## What the task requires
Please restate, word for word, the lines below that begin at the one with "#14492 = VECTOR" and end at the one with "#23434 = FACE_OUTER_BOUND". Leave out all other lines.

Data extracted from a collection
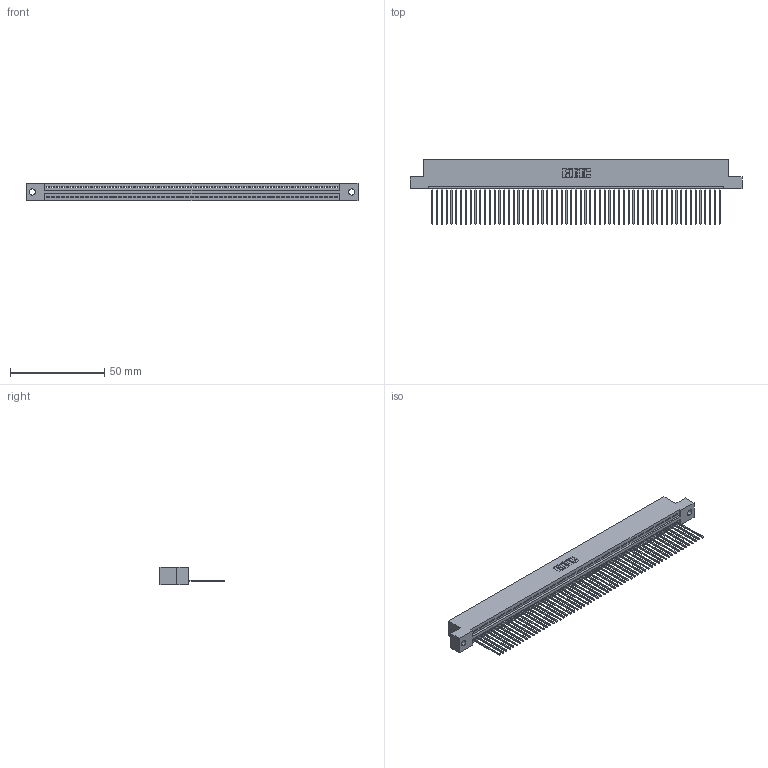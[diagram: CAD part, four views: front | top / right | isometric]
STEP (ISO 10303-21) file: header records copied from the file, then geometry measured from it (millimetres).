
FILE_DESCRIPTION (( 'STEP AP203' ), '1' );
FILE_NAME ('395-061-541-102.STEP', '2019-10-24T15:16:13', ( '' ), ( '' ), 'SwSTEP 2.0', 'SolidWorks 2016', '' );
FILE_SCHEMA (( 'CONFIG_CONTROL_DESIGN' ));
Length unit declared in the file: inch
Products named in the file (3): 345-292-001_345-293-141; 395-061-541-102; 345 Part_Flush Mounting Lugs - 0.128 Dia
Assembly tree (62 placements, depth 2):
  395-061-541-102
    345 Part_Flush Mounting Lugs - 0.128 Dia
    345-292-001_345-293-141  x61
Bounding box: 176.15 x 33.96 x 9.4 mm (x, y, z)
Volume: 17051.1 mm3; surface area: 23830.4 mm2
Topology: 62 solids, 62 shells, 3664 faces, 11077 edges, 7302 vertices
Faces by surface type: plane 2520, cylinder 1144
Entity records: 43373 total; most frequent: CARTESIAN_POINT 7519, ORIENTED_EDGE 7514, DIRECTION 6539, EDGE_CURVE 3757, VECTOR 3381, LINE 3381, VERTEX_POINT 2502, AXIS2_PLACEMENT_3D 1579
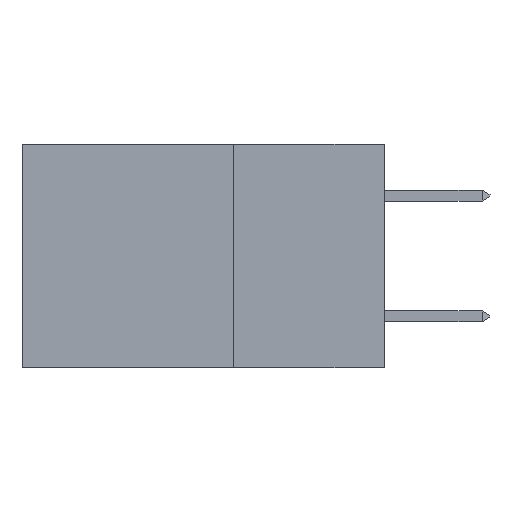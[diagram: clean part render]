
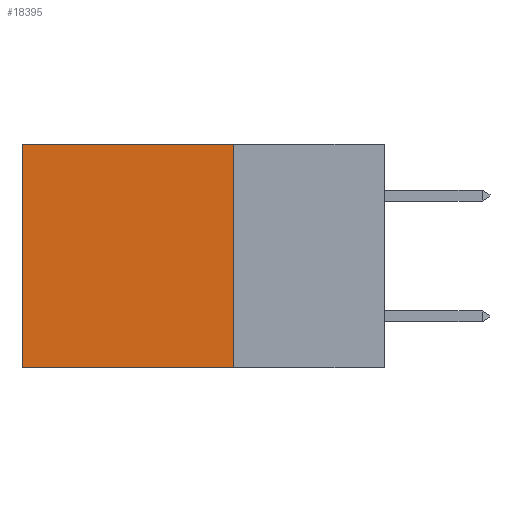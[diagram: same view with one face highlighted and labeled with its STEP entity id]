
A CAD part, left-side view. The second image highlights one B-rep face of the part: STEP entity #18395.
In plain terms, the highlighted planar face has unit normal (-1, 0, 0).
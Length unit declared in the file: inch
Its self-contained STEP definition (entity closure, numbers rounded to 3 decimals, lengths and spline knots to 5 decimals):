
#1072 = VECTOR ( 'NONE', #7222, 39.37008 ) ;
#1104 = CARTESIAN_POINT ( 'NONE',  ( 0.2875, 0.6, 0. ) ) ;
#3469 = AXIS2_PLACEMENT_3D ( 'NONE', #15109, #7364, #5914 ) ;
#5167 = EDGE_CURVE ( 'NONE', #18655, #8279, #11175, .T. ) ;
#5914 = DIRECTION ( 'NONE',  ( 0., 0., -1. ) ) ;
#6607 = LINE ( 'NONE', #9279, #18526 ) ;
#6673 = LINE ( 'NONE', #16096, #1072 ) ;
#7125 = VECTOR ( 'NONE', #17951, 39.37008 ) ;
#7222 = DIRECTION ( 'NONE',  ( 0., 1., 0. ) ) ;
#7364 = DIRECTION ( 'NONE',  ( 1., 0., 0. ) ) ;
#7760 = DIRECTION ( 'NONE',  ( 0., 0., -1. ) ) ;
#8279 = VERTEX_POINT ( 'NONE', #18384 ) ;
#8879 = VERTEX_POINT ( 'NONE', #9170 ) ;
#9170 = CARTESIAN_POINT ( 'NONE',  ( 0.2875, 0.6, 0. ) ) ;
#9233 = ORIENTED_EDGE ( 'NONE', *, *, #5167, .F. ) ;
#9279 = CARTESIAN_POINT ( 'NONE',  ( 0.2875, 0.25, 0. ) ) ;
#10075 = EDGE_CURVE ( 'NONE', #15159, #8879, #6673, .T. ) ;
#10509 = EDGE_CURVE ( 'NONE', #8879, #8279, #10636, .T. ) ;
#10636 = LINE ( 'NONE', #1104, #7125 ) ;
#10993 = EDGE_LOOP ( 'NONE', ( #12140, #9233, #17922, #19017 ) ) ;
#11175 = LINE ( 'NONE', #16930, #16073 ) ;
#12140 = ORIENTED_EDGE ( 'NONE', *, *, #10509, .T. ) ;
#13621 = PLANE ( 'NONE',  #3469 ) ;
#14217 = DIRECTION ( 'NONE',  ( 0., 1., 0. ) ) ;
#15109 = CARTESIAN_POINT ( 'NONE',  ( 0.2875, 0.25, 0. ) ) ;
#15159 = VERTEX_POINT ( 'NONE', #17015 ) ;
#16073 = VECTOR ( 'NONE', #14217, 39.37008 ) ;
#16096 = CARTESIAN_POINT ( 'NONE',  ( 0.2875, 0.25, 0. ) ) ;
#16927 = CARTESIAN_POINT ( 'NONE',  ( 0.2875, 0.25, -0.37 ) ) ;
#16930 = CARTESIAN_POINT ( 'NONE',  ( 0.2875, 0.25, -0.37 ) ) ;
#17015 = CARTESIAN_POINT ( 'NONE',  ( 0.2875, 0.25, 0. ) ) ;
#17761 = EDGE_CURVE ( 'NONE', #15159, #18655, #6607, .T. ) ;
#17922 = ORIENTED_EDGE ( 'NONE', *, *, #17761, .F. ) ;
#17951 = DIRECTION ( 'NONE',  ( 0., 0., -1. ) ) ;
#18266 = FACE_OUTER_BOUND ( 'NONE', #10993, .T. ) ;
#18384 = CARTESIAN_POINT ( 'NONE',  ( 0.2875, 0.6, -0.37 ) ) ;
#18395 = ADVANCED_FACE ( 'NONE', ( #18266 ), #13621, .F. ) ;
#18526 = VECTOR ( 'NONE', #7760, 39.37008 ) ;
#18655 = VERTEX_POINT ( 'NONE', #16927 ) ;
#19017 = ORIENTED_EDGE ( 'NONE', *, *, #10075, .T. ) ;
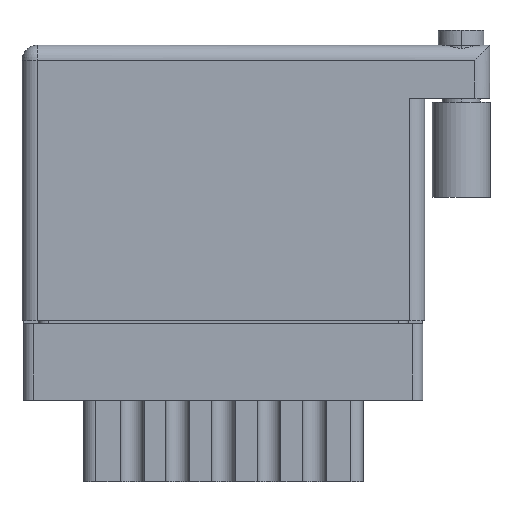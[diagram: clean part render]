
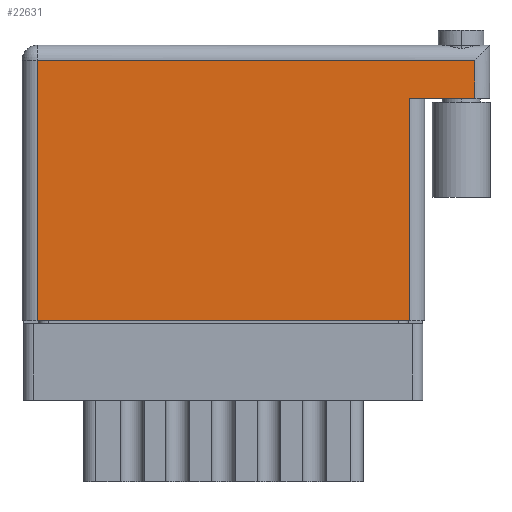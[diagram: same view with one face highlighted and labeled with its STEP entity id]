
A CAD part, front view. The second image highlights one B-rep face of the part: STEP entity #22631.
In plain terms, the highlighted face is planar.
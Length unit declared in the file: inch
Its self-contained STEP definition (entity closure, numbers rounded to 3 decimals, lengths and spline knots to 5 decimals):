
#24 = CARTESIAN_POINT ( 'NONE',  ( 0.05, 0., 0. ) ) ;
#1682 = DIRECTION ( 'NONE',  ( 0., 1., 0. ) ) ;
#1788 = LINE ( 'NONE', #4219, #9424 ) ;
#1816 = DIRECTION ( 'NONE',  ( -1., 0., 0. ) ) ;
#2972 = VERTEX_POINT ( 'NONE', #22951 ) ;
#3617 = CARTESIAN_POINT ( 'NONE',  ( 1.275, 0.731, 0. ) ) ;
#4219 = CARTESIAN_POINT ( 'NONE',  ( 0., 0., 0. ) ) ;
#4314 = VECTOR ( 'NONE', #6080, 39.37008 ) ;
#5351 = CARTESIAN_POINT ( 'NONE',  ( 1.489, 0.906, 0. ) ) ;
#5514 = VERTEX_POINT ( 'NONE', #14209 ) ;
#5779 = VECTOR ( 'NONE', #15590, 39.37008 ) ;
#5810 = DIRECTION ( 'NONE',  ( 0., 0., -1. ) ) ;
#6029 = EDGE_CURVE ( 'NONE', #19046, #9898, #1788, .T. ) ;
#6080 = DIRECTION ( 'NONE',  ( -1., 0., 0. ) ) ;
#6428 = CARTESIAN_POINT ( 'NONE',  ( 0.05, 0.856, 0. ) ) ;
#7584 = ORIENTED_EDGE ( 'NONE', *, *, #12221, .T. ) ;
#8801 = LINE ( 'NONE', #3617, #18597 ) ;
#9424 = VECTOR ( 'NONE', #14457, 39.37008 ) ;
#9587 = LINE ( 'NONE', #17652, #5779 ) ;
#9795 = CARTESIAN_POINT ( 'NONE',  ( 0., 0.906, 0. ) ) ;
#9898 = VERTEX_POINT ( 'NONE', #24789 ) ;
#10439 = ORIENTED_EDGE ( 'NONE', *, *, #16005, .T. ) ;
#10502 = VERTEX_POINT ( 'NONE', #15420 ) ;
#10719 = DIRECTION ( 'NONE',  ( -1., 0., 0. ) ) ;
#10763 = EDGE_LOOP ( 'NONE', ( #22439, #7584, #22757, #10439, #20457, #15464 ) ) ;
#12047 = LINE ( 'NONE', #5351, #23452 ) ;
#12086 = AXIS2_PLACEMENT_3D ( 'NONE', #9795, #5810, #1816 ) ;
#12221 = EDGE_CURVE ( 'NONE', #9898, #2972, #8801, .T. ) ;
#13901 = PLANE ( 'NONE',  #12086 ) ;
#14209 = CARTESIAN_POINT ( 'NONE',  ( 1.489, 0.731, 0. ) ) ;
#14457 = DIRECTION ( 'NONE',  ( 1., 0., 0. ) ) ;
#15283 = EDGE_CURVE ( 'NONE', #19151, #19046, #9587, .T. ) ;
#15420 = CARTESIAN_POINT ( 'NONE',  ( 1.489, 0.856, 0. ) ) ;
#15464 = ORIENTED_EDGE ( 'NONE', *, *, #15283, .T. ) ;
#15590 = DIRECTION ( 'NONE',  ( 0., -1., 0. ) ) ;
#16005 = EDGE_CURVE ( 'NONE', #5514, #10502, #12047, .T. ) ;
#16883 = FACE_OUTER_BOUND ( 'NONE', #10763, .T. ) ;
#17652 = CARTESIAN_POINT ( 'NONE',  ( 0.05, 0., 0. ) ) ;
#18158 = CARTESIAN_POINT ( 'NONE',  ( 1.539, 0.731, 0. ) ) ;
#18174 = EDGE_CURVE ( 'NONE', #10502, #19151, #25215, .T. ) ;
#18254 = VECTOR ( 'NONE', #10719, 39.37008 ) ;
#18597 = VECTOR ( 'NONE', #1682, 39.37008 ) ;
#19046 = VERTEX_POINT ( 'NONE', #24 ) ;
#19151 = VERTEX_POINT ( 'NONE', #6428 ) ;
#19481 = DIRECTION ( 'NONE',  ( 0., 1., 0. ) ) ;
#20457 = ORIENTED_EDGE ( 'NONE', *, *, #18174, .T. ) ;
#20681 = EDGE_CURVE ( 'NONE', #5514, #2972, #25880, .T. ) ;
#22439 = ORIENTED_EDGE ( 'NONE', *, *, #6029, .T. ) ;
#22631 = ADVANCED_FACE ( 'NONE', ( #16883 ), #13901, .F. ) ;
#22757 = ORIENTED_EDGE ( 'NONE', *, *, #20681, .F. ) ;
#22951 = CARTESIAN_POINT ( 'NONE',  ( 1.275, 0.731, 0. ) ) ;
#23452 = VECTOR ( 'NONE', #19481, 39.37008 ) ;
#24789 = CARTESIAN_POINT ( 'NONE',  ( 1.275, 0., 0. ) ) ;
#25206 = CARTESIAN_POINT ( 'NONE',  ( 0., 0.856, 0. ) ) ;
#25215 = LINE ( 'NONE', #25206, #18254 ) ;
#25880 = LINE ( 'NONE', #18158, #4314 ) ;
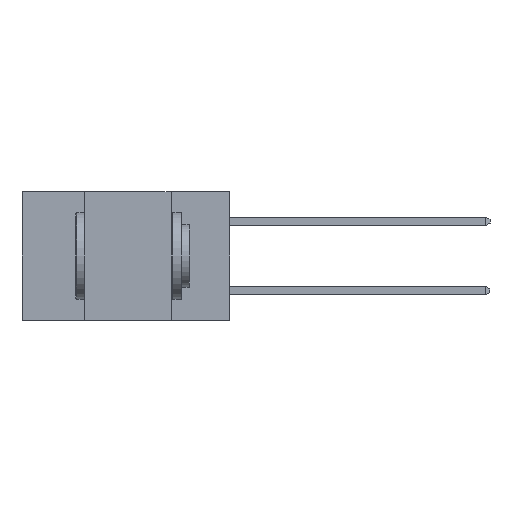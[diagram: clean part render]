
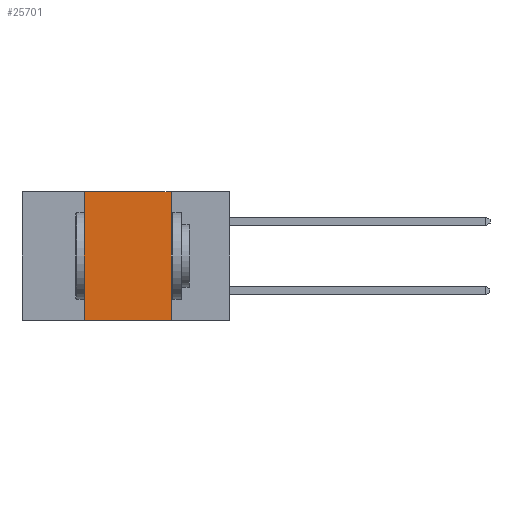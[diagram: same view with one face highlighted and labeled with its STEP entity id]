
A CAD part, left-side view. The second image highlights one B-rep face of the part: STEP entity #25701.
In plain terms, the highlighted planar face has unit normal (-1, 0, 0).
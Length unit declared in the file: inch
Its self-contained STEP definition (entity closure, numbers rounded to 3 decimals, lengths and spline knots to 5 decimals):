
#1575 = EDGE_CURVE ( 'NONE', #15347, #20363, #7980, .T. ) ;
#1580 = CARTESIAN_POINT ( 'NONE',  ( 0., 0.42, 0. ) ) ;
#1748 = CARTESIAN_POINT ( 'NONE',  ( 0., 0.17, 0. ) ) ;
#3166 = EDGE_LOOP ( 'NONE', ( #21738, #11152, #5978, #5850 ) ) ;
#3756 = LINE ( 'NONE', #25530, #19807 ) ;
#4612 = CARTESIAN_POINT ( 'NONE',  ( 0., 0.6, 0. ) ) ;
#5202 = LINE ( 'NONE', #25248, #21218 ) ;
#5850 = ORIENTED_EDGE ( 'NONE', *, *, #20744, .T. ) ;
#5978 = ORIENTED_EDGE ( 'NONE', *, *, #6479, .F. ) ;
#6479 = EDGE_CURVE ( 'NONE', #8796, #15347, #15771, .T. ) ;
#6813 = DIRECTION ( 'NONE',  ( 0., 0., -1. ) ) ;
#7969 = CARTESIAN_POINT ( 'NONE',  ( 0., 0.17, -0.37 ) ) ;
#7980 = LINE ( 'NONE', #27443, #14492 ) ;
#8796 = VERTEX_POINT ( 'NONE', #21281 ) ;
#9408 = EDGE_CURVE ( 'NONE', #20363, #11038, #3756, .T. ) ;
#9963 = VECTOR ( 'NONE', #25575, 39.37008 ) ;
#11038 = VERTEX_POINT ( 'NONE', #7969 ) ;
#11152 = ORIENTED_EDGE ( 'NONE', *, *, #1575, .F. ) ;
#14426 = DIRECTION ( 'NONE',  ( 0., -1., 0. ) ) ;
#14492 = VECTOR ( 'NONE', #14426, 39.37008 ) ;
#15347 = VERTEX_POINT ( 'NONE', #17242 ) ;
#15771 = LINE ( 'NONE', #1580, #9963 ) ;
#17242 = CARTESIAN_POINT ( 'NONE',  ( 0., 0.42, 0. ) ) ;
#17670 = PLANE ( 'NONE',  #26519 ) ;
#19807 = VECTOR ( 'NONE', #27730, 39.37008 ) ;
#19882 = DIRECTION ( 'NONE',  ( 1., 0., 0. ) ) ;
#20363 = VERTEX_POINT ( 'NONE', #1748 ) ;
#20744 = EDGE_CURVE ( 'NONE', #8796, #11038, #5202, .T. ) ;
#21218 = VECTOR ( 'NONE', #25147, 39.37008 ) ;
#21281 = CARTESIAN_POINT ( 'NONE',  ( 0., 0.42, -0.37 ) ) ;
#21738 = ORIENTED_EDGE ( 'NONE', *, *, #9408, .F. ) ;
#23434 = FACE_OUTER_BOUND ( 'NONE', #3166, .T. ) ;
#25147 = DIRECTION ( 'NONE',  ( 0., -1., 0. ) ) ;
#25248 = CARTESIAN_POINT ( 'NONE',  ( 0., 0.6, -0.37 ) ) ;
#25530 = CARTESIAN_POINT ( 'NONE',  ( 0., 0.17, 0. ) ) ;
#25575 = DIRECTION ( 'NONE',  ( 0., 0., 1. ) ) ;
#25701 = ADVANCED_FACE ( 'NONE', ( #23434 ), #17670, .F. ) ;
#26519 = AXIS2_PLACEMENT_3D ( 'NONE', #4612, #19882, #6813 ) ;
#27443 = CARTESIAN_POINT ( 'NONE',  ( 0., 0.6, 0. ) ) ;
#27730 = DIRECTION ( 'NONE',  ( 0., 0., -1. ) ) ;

## Reply
#14492 = VECTOR ( 'NONE', #14426, 39.37008 ) ;
#15347 = VERTEX_POINT ( 'NONE', #17242 ) ;
#15771 = LINE ( 'NONE', #1580, #9963 ) ;
#17242 = CARTESIAN_POINT ( 'NONE',  ( 0., 0.42, 0. ) ) ;
#17670 = PLANE ( 'NONE',  #26519 ) ;
#19807 = VECTOR ( 'NONE', #27730, 39.37008 ) ;
#19882 = DIRECTION ( 'NONE',  ( 1., 0., 0. ) ) ;
#20363 = VERTEX_POINT ( 'NONE', #1748 ) ;
#20744 = EDGE_CURVE ( 'NONE', #8796, #11038, #5202, .T. ) ;
#21218 = VECTOR ( 'NONE', #25147, 39.37008 ) ;
#21281 = CARTESIAN_POINT ( 'NONE',  ( 0., 0.42, -0.37 ) ) ;
#21738 = ORIENTED_EDGE ( 'NONE', *, *, #9408, .F. ) ;
#23434 = FACE_OUTER_BOUND ( 'NONE', #3166, .T. ) ;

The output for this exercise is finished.